§ ACTION ITEM:
Starting at the first line of the listing below, repeat each line up to and including the one containing "是否站板上 --> 人上升 : [能]". Leave out pictures.
▶
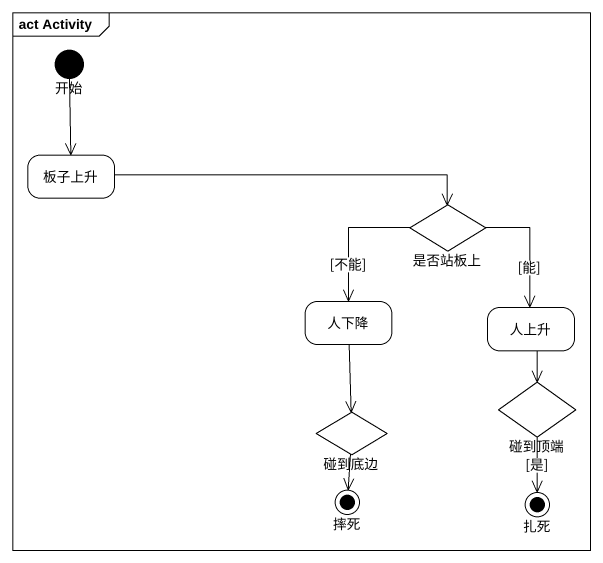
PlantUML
@startuml
mainframe act Activity
hide empty description
state 开始 <<start>>
state 板子上升
state 是否站板上 <<choice>>
state 人下降
state 人上升
state 碰到顶端 <<choice>>
state 碰到底边 <<choice>>
state 摔死 <<end>>
state 扎死 <<end>>
开始 --> 板子上升
板子上升 -right-> 是否站板上
是否站板上 --> 人下降 : [不能]
是否站板上 --> 人上升 : [能]
人下降 --> 碰到底边
人上升 --> 碰到顶端
碰到顶端 --> 扎死 : [是]
碰到底边 --> 摔死
@enduml
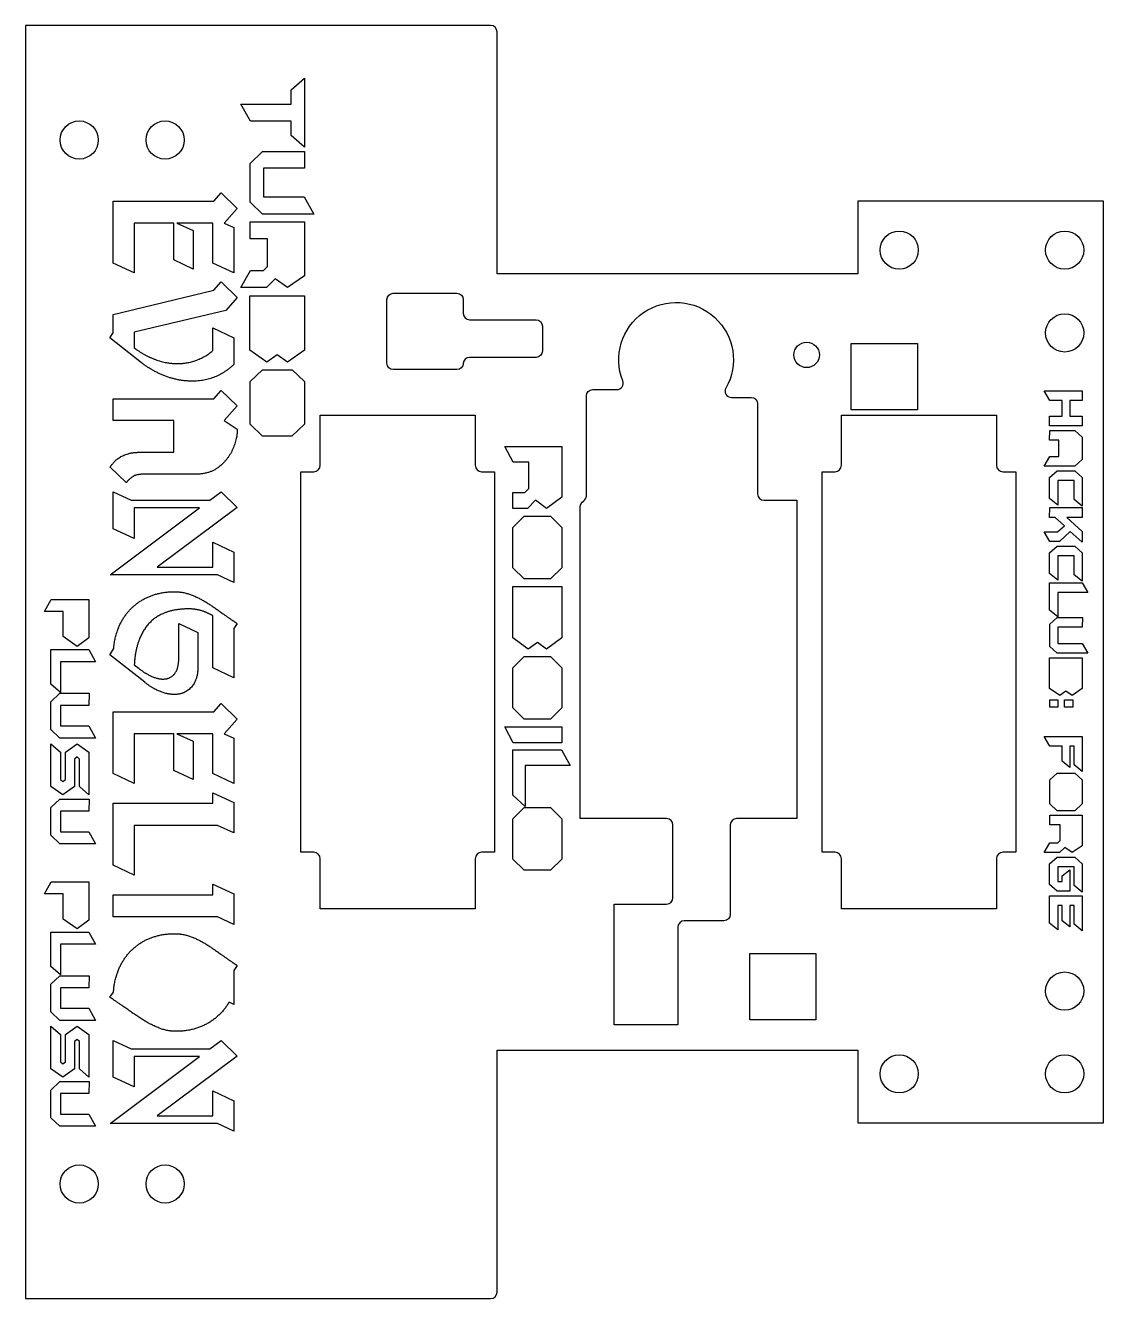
# Model space of a CAD drawing. Header units: millimetres. Extents: x -78 to 6, y -69 to 31.
import ezdxf

# ---------------------------------------------------------------- set-up
doc = ezdxf.new("R2010")
doc.units = ezdxf.units.MM

msp = doc.modelspace()

# ---------------------------------------------------------------- linework, layer by layer
for p, q in [((-70.47, -5.11), (-71.74, -3.89)), ((-64.97, -4.45), (-69.06, -4.45)), ((-69.83, -19.41), (-69.46, -19.72)), ((-71.75, -45.53), (-71.47, -45.14))]:
    msp.add_line(p, q)
for points in [[(-41.84, -69.2, 0.41421), (-41.34, -68.7), (-41.34, -49.7), (-13, -49.7), (-13, -55.4), (6.3, -55.4), (6.3, 17), (-13, 17), (-13, 11.3), (-41.34, 11.3), (-41.34, 30.3, 0.41421), (-41.84, 30.8), (-78.38, 30.8), (-78.38, -69.2)], [(-43.99, 4.25, -0.39857), (-44.49, 3.77), (-49.49, 3.77, -0.41421), (-49.99, 4.27), (-49.99, 9.27, -0.41421), (-49.49, 9.77), (-44.49, 9.77, -0.41421), (-43.99, 9.27), (-43.99, 8.18, 0.41421), (-43.49, 7.68), (-38.27, 7.68, -0.41421), (-37.77, 7.18), (-37.77, 5.22, -0.41421), (-38.27, 4.72), (-43.49, 4.72, 0.39857)], [(-34.56, -6.57, 0.26289), (-34.32, -6.14), (-34.32, 1.7, -0.41421), (-33.82, 2.2), (-31.92, 2.2, 0.52967), (-31.46, 2.88, -1.58827), (-23.36, 2.32, 0.57493), (-22.93, 1.58), (-21.37, 1.58, -0.41421), (-20.87, 1.08), (-20.87, -6, 0.41421), (-20.37, -6.5), (-17.8, -6.5), (-17.8, -31.5), (-22.52, -31.5, 0.41421), (-23.02, -32), (-23.02, -39.03, -0.41421), (-23.52, -39.53), (-26.64, -39.53, 0.41421), (-27.14, -40.03), (-27.14, -47.7), (-32.14, -47.7), (-32.14, -38.22), (-28.02, -38.22, 0.41421), (-27.52, -37.72), (-27.52, -32, 0.41421), (-28.02, -31.5), (-34.8, -31.5), (-34.8, -7, -0.26289)], [(-55.23, -34.65, 0.41421), (-55.73, -34.15), (-56.74, -34.15), (-56.74, -4.25), (-55.73, -4.25, 0.41421), (-55.23, -3.75), (-55.23, 0.2), (-43.05, 0.2), (-43.05, -3.75, 0.41421), (-42.55, -4.25), (-41.53, -4.25), (-41.53, -34.15), (-42.55, -34.15, 0.41421), (-43.05, -34.65), (-43.05, -38.6), (-55.23, -38.6)], [(-14.79, -4.25, 0.41421), (-14.29, -3.75), (-14.29, 0.2), (-2.11, 0.2), (-2.11, -3.75, 0.41421), (-1.61, -4.25), (-0.6, -4.25), (-0.6, -34.15), (-1.61, -34.15, 0.41421), (-2.11, -34.65), (-2.11, -38.6), (-14.29, -38.6), (-14.29, -34.65, 0.41421), (-14.79, -34.15), (-15.8, -34.15), (-15.8, -4.25)]]:
    msp.add_lwpolyline(points, format="xyb", close=True)
for points in [[(-56.46, 26.66), (-56.46, 21.23), (-57.52, 22.15), (-57.52, 23.28), (-60.71, 23.28), (-61.46, 24.61), (-57.52, 24.61), (-57.52, 25.74)], [(-55.74, 15.99), (-59.76, 15.99), (-60.74, 16.93), (-60.74, 19.97), (-59.76, 20.91), (-56.45, 20.91), (-56.46, 19.58), (-59.68, 19.58), (-59.68, 17.33), (-56.49, 17.33)], [(-66.73, 12.38), (-66.73, 15.27), (-69.84, 15.27), (-69.84, 11.37), (-71.49, 12.14), (-71.49, 16.99), (-63.59, 16.99), (-63.01, 17.64), (-61.74, 16.42), (-62.76, 15.27), (-62.01, 14.93), (-62.01, 11.37), (-63.66, 12.14), (-63.66, 15.27), (-66.48, 15.27), (-65.21, 14.69), (-65.21, 11.67)], [(-59.46, 10.21), (-61.46, 10.21), (-60.71, 11.54), (-59.69, 11.54), (-59.36, 11.87), (-59.36, 14.03), (-60.74, 14.03), (-60.74, 15.37), (-56.46, 15.37), (-56.46, 11.14), (-57.81, 10.21), (-58.76, 10.89)], [(-58.61, 4.92), (-59.41, 4.36), (-60.75, 5.29), (-60.75, 9.56), (-56.46, 9.56), (-56.46, 5.29), (-57.8, 4.36)], [(-13.52, 5.81), (-8.32, 5.81), (-8.32, 0.61), (-13.52, 0.61)], [(-57.45, -1.45), (-59.76, -1.45), (-60.74, -0.51), (-60.74, 2.83), (-59.76, 3.76), (-57.44, 3.76), (-56.46, 2.83), (-56.46, -0.51)], [(4.63, -0.66), (2.06, -0.66), (2.06, 0.1), (3.05, 0.1), (3.05, 1.35), (2.08, 1.35), (1.63, 2.11), (4.63, 2.11), (4.63, 1.35), (3.64, 1.35), (3.64, 0.1), (4.63, 0.1)], [(4.05, -3.82), (1.63, -3.82), (2.08, -3.05), (2.78, -3.05), (2.78, -1.78), (2.06, -1.78), (2.07, -1.02), (4.05, -1.02), (4.63, -1.55), (4.63, -3.29)], [(-38.94, -7.13), (-40.1, -7.13), (-40.1, -5.88), (-39.15, -5.88), (-38.85, -5.57), (-38.85, -3.51), (-40.07, -3.51), (-40.74, -2.26), (-36.24, -2.26), (-36.24, -6.25), (-37.45, -7.13), (-38.31, -6.49)], [(4.63, -4.72), (4.63, -6.95), (3.99, -6.43), (3.99, -4.95), (2.7, -4.95), (2.7, -6.87), (2.06, -6.35), (2.06, -4.72), (2.65, -4.19), (4.04, -4.19)], [(-62.01, -10.56), (-62.01, -12.95), (-63.3, -12.36), (-71.74, -12.36), (-64.71, -7.09), (-69.84, -7.09), (-69.84, -9.49), (-71.49, -8.73), (-71.49, -5.84), (-70.07, -6.49), (-63.9, -6.49), (-63.01, -5.84), (-61.74, -7.06), (-68.03, -11.75), (-63.66, -11.75), (-63.66, -9.8)], [(-37.13, -12.68), (-39.21, -12.68), (-40.1, -11.8), (-40.1, -8.64), (-39.21, -7.75), (-37.13, -7.75), (-36.24, -8.64), (-36.24, -11.8)], [(4.63, -8.94), (4.63, -9.8), (3.69, -8.95), (2.84, -9.73), (2.08, -9.73), (1.63, -8.97), (2.69, -8.97), (3.23, -8.51), (2.49, -7.84), (2.06, -7.84), (2.07, -7.07), (4.63, -7.07), (4.63, -7.84), (3.42, -7.84)], [(4.63, -10.63), (4.63, -12.86), (3.99, -12.34), (3.99, -10.86), (2.7, -10.86), (2.7, -12.78), (2.06, -12.25), (2.06, -10.63), (2.65, -10.1), (4.04, -10.1)], [(2.7, -13.74), (2.7, -15.66), (2.06, -15.14), (2.06, -12.98), (4.61, -12.98), (5.07, -13.74)], [(-38.17, -17.66), (-38.9, -18.2), (-40.1, -17.31), (-40.1, -13.27), (-36.24, -13.27), (-36.24, -17.31), (-37.45, -18.2)], [(-73.39, -17.31), (-74.33, -17.97), (-75.41, -17.2), (-75.41, -15.24), (-76.89, -15.24), (-76.36, -14.29), (-73.39, -14.29)], [(5.07, -18.51), (2.66, -18.51), (2.07, -17.98), (2.07, -16.24), (2.66, -15.71), (4.64, -15.71), (4.63, -16.47), (2.7, -16.47), (2.7, -17.74), (4.61, -17.74)], [(-75.64, -19.18), (-75.64, -21.6), (-76.39, -20.94), (-76.39, -18.23), (-73.41, -18.23), (-72.88, -19.18)], [(-37.13, -23.7), (-39.21, -23.7), (-40.1, -22.81), (-40.1, -19.65), (-39.21, -18.77), (-37.13, -18.77), (-36.24, -19.65), (-36.24, -22.81)], [(3.35, -21.5), (2.87, -21.82), (2.06, -21.29), (2.06, -18.86), (4.63, -18.86), (4.63, -21.29), (3.83, -21.82)], [(-72.88, -25.18), (-75.69, -25.18), (-76.38, -24.51), (-76.38, -22.33), (-75.69, -21.66), (-73.38, -21.66), (-73.39, -22.61), (-75.64, -22.61), (-75.64, -24.22), (-73.41, -24.22)], [(-66.73, -27.73), (-66.73, -24.84), (-69.84, -24.84), (-69.84, -28.75), (-71.49, -27.97), (-71.49, -23.12), (-63.59, -23.12), (-63.01, -22.47), (-61.74, -23.69), (-62.76, -24.84), (-62.01, -25.19), (-62.01, -28.75), (-63.66, -27.97), (-63.66, -24.84), (-66.48, -24.84), (-65.21, -25.43), (-65.21, -28.44)], [(2.71, -22.74), (2.07, -22.74), (2.07, -22.16), (2.71, -22.16)], [(3.88, -22.74), (3.24, -22.74), (3.24, -22.16), (3.88, -22.16)], [(-36.24, -25.54), (-40.08, -25.54), (-40.74, -24.28), (-36.24, -24.28)], [(-74.54, -28.98), (-75.44, -29.63), (-76.38, -28.97), (-76.38, -25.62), (-75.64, -26.28), (-75.64, -28.42), (-75.44, -28.59), (-75.23, -28.42), (-75.23, -26.27), (-74.33, -25.62), (-73.39, -26.29), (-73.39, -29.63), (-74.13, -28.97), (-74.13, -26.83), (-74.33, -26.66), (-74.54, -26.83)], [(4.63, -25.04), (4.63, -27.8), (3.99, -27.28), (3.99, -25.8), (3.64, -25.8), (3.64, -27.48), (3.05, -27), (3.05, -25.8), (2.08, -25.8), (1.63, -25.04)], [(-39.14, -27.34), (-39.14, -30.54), (-40.1, -29.67), (-40.1, -26.09), (-36.27, -26.09), (-35.59, -27.34)], [(4.04, -30.89), (2.66, -30.89), (2.07, -30.35), (2.07, -28.45), (2.66, -27.92), (4.04, -27.92), (4.63, -28.45), (4.63, -30.35)], [(-72.88, -33.48), (-75.69, -33.48), (-76.38, -32.81), (-76.38, -30.64), (-75.69, -29.97), (-73.38, -29.97), (-73.39, -30.92), (-75.64, -30.92), (-75.64, -32.53), (-73.41, -32.53)], [(-63.3, -32.03), (-69.84, -32.03), (-69.84, -35.94), (-71.49, -35.16), (-71.49, -30.3), (-63.66, -30.3), (-63.66, -29.47), (-62.01, -30.23), (-62.01, -32.62)], [(-37.13, -35.56), (-39.21, -35.56), (-40.1, -34.68), (-40.1, -31.52), (-39.21, -30.63), (-37.13, -30.63), (-36.24, -31.52), (-36.24, -34.68)], [(2.84, -34.16), (1.63, -34.16), (2.08, -33.4), (2.7, -33.4), (2.9, -33.22), (2.9, -31.99), (2.07, -31.99), (2.07, -31.23), (4.63, -31.23), (4.63, -33.63), (3.83, -34.16), (3.25, -33.77)], [(4.63, -35.06), (4.63, -37.29), (3.99, -36.76), (3.99, -35.29), (2.7, -35.29), (2.7, -36.45), (3.05, -36.45), (3.05, -36), (3.64, -35.53), (3.64, -37.21), (2.65, -37.21), (2.06, -36.68), (2.06, -35.06), (2.65, -34.52), (4.04, -34.52)], [(-73.39, -39.49), (-74.33, -40.16), (-75.41, -39.39), (-75.41, -37.42), (-76.89, -37.42), (-76.36, -36.47), (-73.39, -36.47)], [(-62.01, -37.42), (-62.01, -39.81), (-63.3, -39.22), (-71.49, -39.22), (-71.49, -37.49), (-63.66, -37.49), (-63.66, -36.66)], [(4.63, -37.56), (4.63, -40.32), (3.99, -39.8), (3.99, -38.32), (3.64, -38.32), (3.64, -40), (3.05, -39.52), (3.05, -38.32), (2.7, -38.32), (2.7, -40.24), (2.06, -39.72), (2.06, -37.56)], [(-75.64, -41.36), (-75.64, -43.78), (-76.39, -43.12), (-76.39, -40.41), (-73.41, -40.41), (-72.88, -41.36)], [(-21.49, -42.11), (-16.29, -42.11), (-16.29, -47.31), (-21.49, -47.31)], [(-72.88, -47.36), (-75.69, -47.36), (-76.38, -46.69), (-76.38, -44.51), (-75.69, -43.84), (-73.38, -43.84), (-73.39, -44.79), (-75.64, -44.79), (-75.64, -46.4), (-73.41, -46.4)], [(-74.54, -51.16), (-75.44, -51.81), (-76.38, -51.15), (-76.38, -47.8), (-75.64, -48.46), (-75.64, -50.6), (-75.44, -50.77), (-75.23, -50.6), (-75.23, -48.45), (-74.33, -47.8), (-73.39, -48.47), (-73.39, -51.81), (-74.13, -51.15), (-74.13, -49.01), (-74.33, -48.84), (-74.54, -49.01)], [(-62.01, -53.66), (-62.01, -56.04), (-63.3, -55.45), (-71.74, -55.45), (-64.71, -50.19), (-69.84, -50.19), (-69.84, -52.58), (-71.49, -51.82), (-71.49, -48.93), (-70.07, -49.58), (-63.9, -49.58), (-63.01, -48.93), (-61.74, -50.15), (-68.03, -54.84), (-63.66, -54.84), (-63.66, -52.89)], [(-72.88, -55.67), (-75.69, -55.67), (-76.38, -55), (-76.38, -52.82), (-75.69, -52.15), (-73.38, -52.15), (-73.39, -53.1), (-75.64, -53.1), (-75.64, -54.71), (-73.41, -54.71)]]:
    msp.add_lwpolyline(points, close=True)
for points in [[(-69.27, 4.31), (-71.75, 6.26), (-71.49, 6.65), (-71.49, 8.09), (-63.59, 10), (-63.01, 10.65), (-61.74, 9.42), (-62.63, 8.42), (-69.84, 6.7), (-69.84, 5.49), (-69.72, 5.39)], [(-63.66, 5.26), (-63.66, 7.04), (-62.01, 6.26), (-62.01, 4.18)], [(-69.53, -2.73), (-66.73, -2.73), (-66.73, -0.24), (-71.49, -0.24), (-71.49, 1.48), (-63.59, 1.48), (-63.01, 2.13), (-61.74, 0.91), (-62.76, -0.24), (-61.74, -0.91)], [(-61.74, -16.18), (-62.01, -16.58), (-62.01, -20.44), (-63.66, -19.67), (-63.66, -15.56)], [(-66.34, -18.95), (-66.34, -16.17), (-64.83, -16.88), (-64.83, -19.54)], [(-69.01, -20.79), (-71.75, -18.63), (-71.45, -18.14)], [(-61.74, -43.04), (-62.01, -43.44), (-62.01, -46.1), (-62.39, -45.92)]]:
    msp.add_lwpolyline(points)
for centre, radius in [((-74.16, 21.8), 1.5), ((-67.41, 21.8), 1.5), ((-9.75, 13.15), 1.5), ((3.25, 13.15), 1.5), ((3.25, 6.65), 1.5), ((-17.02, 4.92), 1), ((3.25, -45.05), 1.5), ((-9.75, -51.55), 1.5), ((3.25, -51.55), 1.5), ((-74.16, -60.2), 1.5), ((-67.41, -60.2), 1.5)]:
    msp.add_circle(centre, radius)
for points in [[(-69.72, 5.39), (-69.01, 4.87), (-67.31, 4.24), (-66.42, 4.24)], [(-66.42, 4.24), (-64.89, 4.24), (-63.66, 5.26)], [(-65.3, 2.86), (-66.34, 2.86), (-68.43, 3.65), (-69.27, 4.31)], [(-62.01, 4.18), (-63.37, 2.86), (-65.3, 2.86)], [(-61.74, -0.91), (-61.74, -1.67), (-62.47, -3.32), (-63.93, -4.45), (-64.97, -4.45)], [(-71.74, -3.89), (-71.71, -3.84), (-71.15, -3.18), (-70.14, -2.73), (-69.53, -2.73)], [(-69.06, -4.45), (-69.63, -4.45), (-70.18, -4.77), (-70.47, -5.11)], [(-71.45, -18.14), (-71.33, -16.77), (-70.04, -14.75), (-67.96, -13.68), (-66.65, -13.68)], [(-66.65, -13.68), (-66.02, -13.68), (-64.79, -14.14), (-63.71, -14.8), (-62.9, -15.38)], [(-65.56, -15.03), (-67.64, -15.03), (-69.72, -17.33), (-69.83, -19.41)], [(-63.66, -15.56), (-64.17, -15.29), (-65.04, -15.03), (-65.56, -15.03)], [(-62.9, -15.38), (-62.25, -15.86), (-61.74, -16.18)], [(-67.58, -20.54), (-67, -20.54), (-66.34, -19.72), (-66.34, -18.95)], [(-69.46, -19.72), (-68.93, -20.13), (-67.97, -20.54), (-67.58, -20.54)], [(-64.83, -19.54), (-64.83, -20.58), (-65.85, -21.75), (-66.69, -21.75)], [(-66.69, -21.75), (-67.23, -21.75), (-68.41, -21.28), (-69.01, -20.79)], [(-71.47, -45.14), (-71.36, -43.73), (-70.08, -41.65), (-67.98, -40.54), (-66.65, -40.54)], [(-66.65, -40.54), (-66.02, -40.54), (-64.79, -41), (-63.71, -41.66), (-62.9, -42.24)], [(-62.9, -42.24), (-62.25, -42.72), (-61.74, -43.04)], [(-70.58, -46.34), (-70.79, -46.19), (-71.5, -45.7), (-71.75, -45.53)], [(-62.39, -45.92), (-63.01, -47), (-65.19, -48.21), (-66.58, -48.21)], [(-66.58, -48.21), (-67.22, -48.21), (-68.53, -47.7), (-69.7, -46.96), (-70.58, -46.34)]]:
    msp.add_open_spline(points, degree=2)

doc.saveas('drawing.dxf')
◀
§ EXPECTED ANSWER:
PlantUML
@startuml
mainframe act Activity
hide empty description
state 开始 <<start>>
state 板子上升
state 是否站板上 <<choice>>
state 人下降
state 人上升
state 碰到顶端 <<choice>>
state 碰到底边 <<choice>>
state 摔死 <<end>>
state 扎死 <<end>>
开始 --> 板子上升
板子上升 -right-> 是否站板上
是否站板上 --> 人下降 : [不能]
是否站板上 --> 人上升 : [能]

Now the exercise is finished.